Cyber Incident Victim: LLC Capital
Date:
May 2022
Location:
Russia
Summary
A pro-Ukraine hacktivist group launched disruptive cyberattacks against a critical Russian alcohol distribution system, causing widespread operational failures. The attacks involved distributed denial-of-service (DDoS) campaigns that prevented factories from accepting shipments and halted product distribution to retailers, forcing production slowdowns. Concurrently, allied threat actors exploited misconfigured Docker installations to hijack computational resources for additional DDoS strikes against government, military, and media targets, including Lithuanian outlets. The incident disrupted supply chains and leveraged compromised infrastructure to amplify attack scale against multiple sectors aligned with Russian interests.

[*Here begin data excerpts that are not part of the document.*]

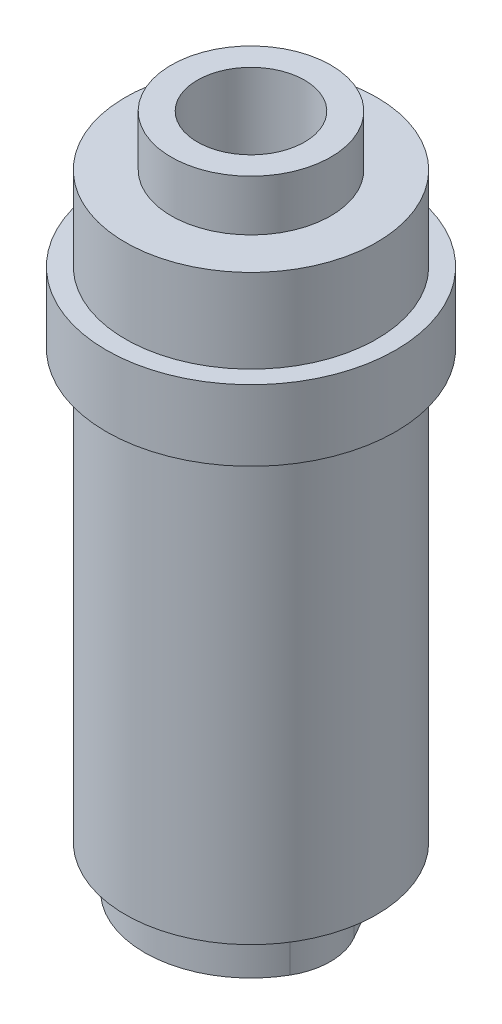
ISO-10303-21;
HEADER;
FILE_DESCRIPTION(('STEP AP214'),'2;1');
FILE_NAME('part.step','',(''),(''),'','','');
FILE_SCHEMA(('AUTOMOTIVE_DESIGN { 1 0 10303 214 1 1 1 1 }'));
ENDSEC;
DATA;
#1=APPLICATION_CONTEXT('core data for automotive mechanical design processes');
#2=APPLICATION_PROTOCOL_DEFINITION('international standard','automotive_design',2000,#1);
#3=PRODUCT_CONTEXT('',#1,'mechanical');
#4=PRODUCT('Part','Part','',(#3));
#5=PRODUCT_RELATED_PRODUCT_CATEGORY('part','',(#4));
#6=PRODUCT_DEFINITION_FORMATION('','',#4);
#7=PRODUCT_DEFINITION_CONTEXT('part definition',#1,'design');
#8=PRODUCT_DEFINITION('design','',#6,#7);
#9=PRODUCT_DEFINITION_SHAPE('','',#8);
#10=(LENGTH_UNIT() NAMED_UNIT(*) SI_UNIT(.MILLI.,.METRE.));
#11=(NAMED_UNIT(*) PLANE_ANGLE_UNIT() SI_UNIT($,.RADIAN.));
#12=(NAMED_UNIT(*) SI_UNIT($,.STERADIAN.) SOLID_ANGLE_UNIT());
#13=UNCERTAINTY_MEASURE_WITH_UNIT(LENGTH_MEASURE(1.E-05),#10,'distance_accuracy_value','');
#14=(GEOMETRIC_REPRESENTATION_CONTEXT(3) GLOBAL_UNCERTAINTY_ASSIGNED_CONTEXT((#13)) GLOBAL_UNIT_ASSIGNED_CONTEXT((#10,
#11,#12)) REPRESENTATION_CONTEXT('',''));
#15=CARTESIAN_POINT('',(0.,0.,0.));
#16=DIRECTION('',(0.,0.,1.));
#17=DIRECTION('',(1.,0.,0.));
#18=AXIS2_PLACEMENT_3D('',#15,#16,#17);
#19=CARTESIAN_POINT('',(-7.449199986,0.,0.));
#20=DIRECTION('',(0.,1.,0.));
#21=DIRECTION('',(1.,0.,0.));
#22=AXIS2_PLACEMENT_3D('',#19,#20,#21);
#23=PLANE('',#22);
#24=CARTESIAN_POINT('',(0.,0.,0.));
#25=DIRECTION('',(0.,-1.,0.));
#26=DIRECTION('',(0.,0.,-1.));
#27=AXIS2_PLACEMENT_3D('',#24,#25,#26);
#28=CIRCLE('',#27,3.2639);
#29=CARTESIAN_POINT('',(0.,0.,-3.2639));
#30=VERTEX_POINT('',#29);
#31=EDGE_CURVE('E187',#30,#30,#28,.T.);
#32=ORIENTED_EDGE('',*,*,#31,.F.);
#33=EDGE_LOOP('',(#32));
#34=FACE_BOUND('',#33,.T.);
#35=CARTESIAN_POINT('',(0.,0.,-2.54));
#36=DIRECTION('',(0.,-1.,0.));
#37=DIRECTION('',(0.,0.,-1.));
#38=AXIS2_PLACEMENT_3D('',#35,#36,#37);
#39=CIRCLE('',#38,3.81);
#40=CARTESIAN_POINT('',(-3.29955678841871,0.,-4.445));
#41=VERTEX_POINT('',#40);
#42=CARTESIAN_POINT('',(3.29955678841871,0.,-4.445));
#43=VERTEX_POINT('',#42);
#44=EDGE_CURVE('E74',#41,#43,#39,.T.);
#45=ORIENTED_EDGE('',*,*,#44,.T.);
#46=DIRECTION('',(0.5,0.,0.866025403784439));
#47=VECTOR('',#46,1.);
#48=CARTESIAN_POINT('',(3.29955678841871,0.,-4.445));
#49=LINE('',#48,#47);
#50=CARTESIAN_POINT('',(5.49926131403119,0.,-0.635));
#51=VERTEX_POINT('',#50);
#52=EDGE_CURVE('E11',#43,#51,#49,.T.);
#53=ORIENTED_EDGE('',*,*,#52,.T.);
#54=CARTESIAN_POINT('',(2.19970452561247,0.,1.27));
#55=DIRECTION('',(0.,-1.,0.));
#56=DIRECTION('',(0.,0.,-1.));
#57=AXIS2_PLACEMENT_3D('',#54,#55,#56);
#58=CIRCLE('',#57,3.81);
#59=CARTESIAN_POINT('',(5.49926131403119,0.,3.175));
#60=VERTEX_POINT('',#59);
#61=EDGE_CURVE('E46',#51,#60,#58,.T.);
#62=ORIENTED_EDGE('',*,*,#61,.T.);
#63=CARTESIAN_POINT('',(0.,0.,0.));
#64=DIRECTION('',(0.,-1.,0.));
#65=DIRECTION('',(0.,0.,-1.));
#66=AXIS2_PLACEMENT_3D('',#63,#64,#65);
#67=CIRCLE('',#66,6.35);
#68=CARTESIAN_POINT('',(-5.49926131403119,0.,3.175));
#69=VERTEX_POINT('',#68);
#70=EDGE_CURVE('E104',#60,#69,#67,.T.);
#71=ORIENTED_EDGE('',*,*,#70,.T.);
#72=CARTESIAN_POINT('',(-2.19970452561247,0.,1.27));
#73=DIRECTION('',(0.,-1.,0.));
#74=DIRECTION('',(0.,0.,-1.));
#75=AXIS2_PLACEMENT_3D('',#72,#73,#74);
#76=CIRCLE('',#75,3.81);
#77=CARTESIAN_POINT('',(-5.49926131403119,0.,-0.635));
#78=VERTEX_POINT('',#77);
#79=EDGE_CURVE('E85',#69,#78,#76,.T.);
#80=ORIENTED_EDGE('',*,*,#79,.T.);
#81=DIRECTION('',(0.5,0.,-0.866025403784439));
#82=VECTOR('',#81,1.);
#83=CARTESIAN_POINT('',(-5.49926131403119,0.,-0.635));
#84=LINE('',#83,#82);
#85=EDGE_CURVE('E160',#78,#41,#84,.T.);
#86=ORIENTED_EDGE('',*,*,#85,.T.);
#87=EDGE_LOOP('',(#45,#53,#62,#71,#80,#86));
#88=FACE_BOUND('',#87,.T.);
#89=ADVANCED_FACE('F16',(#34,#88),#23,.F.);
#90=CARTESIAN_POINT('',(-2.5527,6.35,0.));
#91=DIRECTION('',(0.,1.,0.));
#92=DIRECTION('',(1.,0.,0.));
#93=AXIS2_PLACEMENT_3D('',#90,#91,#92);
#94=PLANE('',#93);
#95=CARTESIAN_POINT('',(0.,6.35,0.));
#96=DIRECTION('',(0.,-1.,0.));
#97=DIRECTION('',(0.,0.,-1.));
#98=AXIS2_PLACEMENT_3D('',#95,#96,#97);
#99=CIRCLE('',#98,2.5527);
#100=CARTESIAN_POINT('',(0.,6.35,-2.5527));
#101=VERTEX_POINT('',#100);
#102=EDGE_CURVE('E200',#101,#101,#99,.T.);
#103=ORIENTED_EDGE('',*,*,#102,.F.);
#104=EDGE_LOOP('',(#103));
#105=FACE_BOUND('',#104,.T.);
#106=CARTESIAN_POINT('',(0.,6.35,0.));
#107=DIRECTION('',(0.,-1.,0.));
#108=DIRECTION('',(0.,0.,-1.));
#109=AXIS2_PLACEMENT_3D('',#106,#107,#108);
#110=CIRCLE('',#109,3.2639);
#111=CARTESIAN_POINT('',(0.,6.35,-3.2639));
#112=VERTEX_POINT('',#111);
#113=EDGE_CURVE('E195',#112,#112,#110,.T.);
#114=ORIENTED_EDGE('',*,*,#113,.T.);
#115=EDGE_LOOP('',(#114));
#116=FACE_BOUND('',#115,.T.);
#117=ADVANCED_FACE('F177',(#105,#116),#94,.F.);
#118=CARTESIAN_POINT('',(3.29955678841871,23.6095192980614,-4.445));
#119=DIRECTION('',(0.866025403784439,0.,-0.5));
#120=DIRECTION('',(0.,-1.,0.));
#121=AXIS2_PLACEMENT_3D('',#118,#119,#120);
#122=PLANE('',#121);
#123=DIRECTION('',(0.5,0.,0.866025403784439));
#124=VECTOR('',#123,1.);
#125=CARTESIAN_POINT('',(3.29955678841871,2.54,-4.445));
#126=LINE('',#125,#124);
#127=CARTESIAN_POINT('',(3.29955678841871,2.54,-4.445));
#128=VERTEX_POINT('',#127);
#129=CARTESIAN_POINT('',(5.49926131403119,2.54,-0.635));
#130=VERTEX_POINT('',#129);
#131=EDGE_CURVE('E155',#128,#130,#126,.T.);
#132=ORIENTED_EDGE('',*,*,#131,.T.);
#133=DIRECTION('',(0.,-1.,0.));
#134=VECTOR('',#133,1.);
#135=CARTESIAN_POINT('',(5.49926131403119,23.6095192980614,-0.635));
#136=LINE('',#135,#134);
#137=EDGE_CURVE('E24',#130,#51,#136,.T.);
#138=ORIENTED_EDGE('',*,*,#137,.T.);
#139=ORIENTED_EDGE('',*,*,#52,.F.);
#140=DIRECTION('',(0.,-1.,0.));
#141=VECTOR('',#140,1.);
#142=CARTESIAN_POINT('',(3.29955678841871,23.6095192980614,-4.445));
#143=LINE('',#142,#141);
#144=EDGE_CURVE('E156',#128,#43,#143,.T.);
#145=ORIENTED_EDGE('',*,*,#144,.F.);
#146=EDGE_LOOP('',(#132,#138,#139,#145));
#147=FACE_BOUND('',#146,.T.);
#148=ADVANCED_FACE('F172',(#147),#122,.T.);
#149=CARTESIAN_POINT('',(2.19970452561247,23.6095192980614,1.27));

| CIA Posture | Motives | Tactics, Techniques & Procedures |
|---|---|---|
| Available to members | 1 motive | 1 technique |
| Threat Actors | Type | Location |
|---|---|---|
| 2 actors | Available to members | Available to members |
Description
On May 2-3, 2022, pro-Ukraine hacktivist groups including Anonymous and the Ukraine IT Army executed distributed denial-of-service (DDoS) attacks against Russia's Unified State Automated Alcohol Accounting Information System (EGAIS), a critical infrastructure platform governing alcohol distribution nationwide. The attacks coincided with broader cyber operations against Russian entities amid the ongoing conflict, with operational guidance disseminated through the IT Army of Ukraine's communication channels. Technical disruptions to the EGAIS portal persisted through May 4, preventing alcohol manufacturers from processing incoming shipments and blocking distributors from accessing delivered products. This systemic failure forced multiple factories to suspend warehouse shipments entirely and reduce production rates, creating supply chain bottlenecks across the alcohol distribution ecosystem. Attackers leveraged Docker container images to orchestrate these assaults, exploiting misconfigured Docker installations with exposed APIs to hijack computational resources for attack amplification.
The same threat actors simultaneously targeted twelve additional Russian websites belonging to government, military, and media organizations, extending their campaign to three Lithuanian media outlets. Anonymous-affiliated subgroup @squad3o3 supplemented these disruptions with information operations, claiming dissemination of over 100 million messages to Russian citizens countering official narratives about the Ukraine invasion. Stolen data from compromised Russian entities was publicly released through the DDoSecrets transparency collective. The EGAIS incident represented a strategic infrastructure target due to its centralized role in regulating alcohol logistics, with sustained outages demonstrating tangible economic impact through halted production cycles and distribution paralysis. No remediation efforts or defensive responses from affected organizations were documented in available reporting.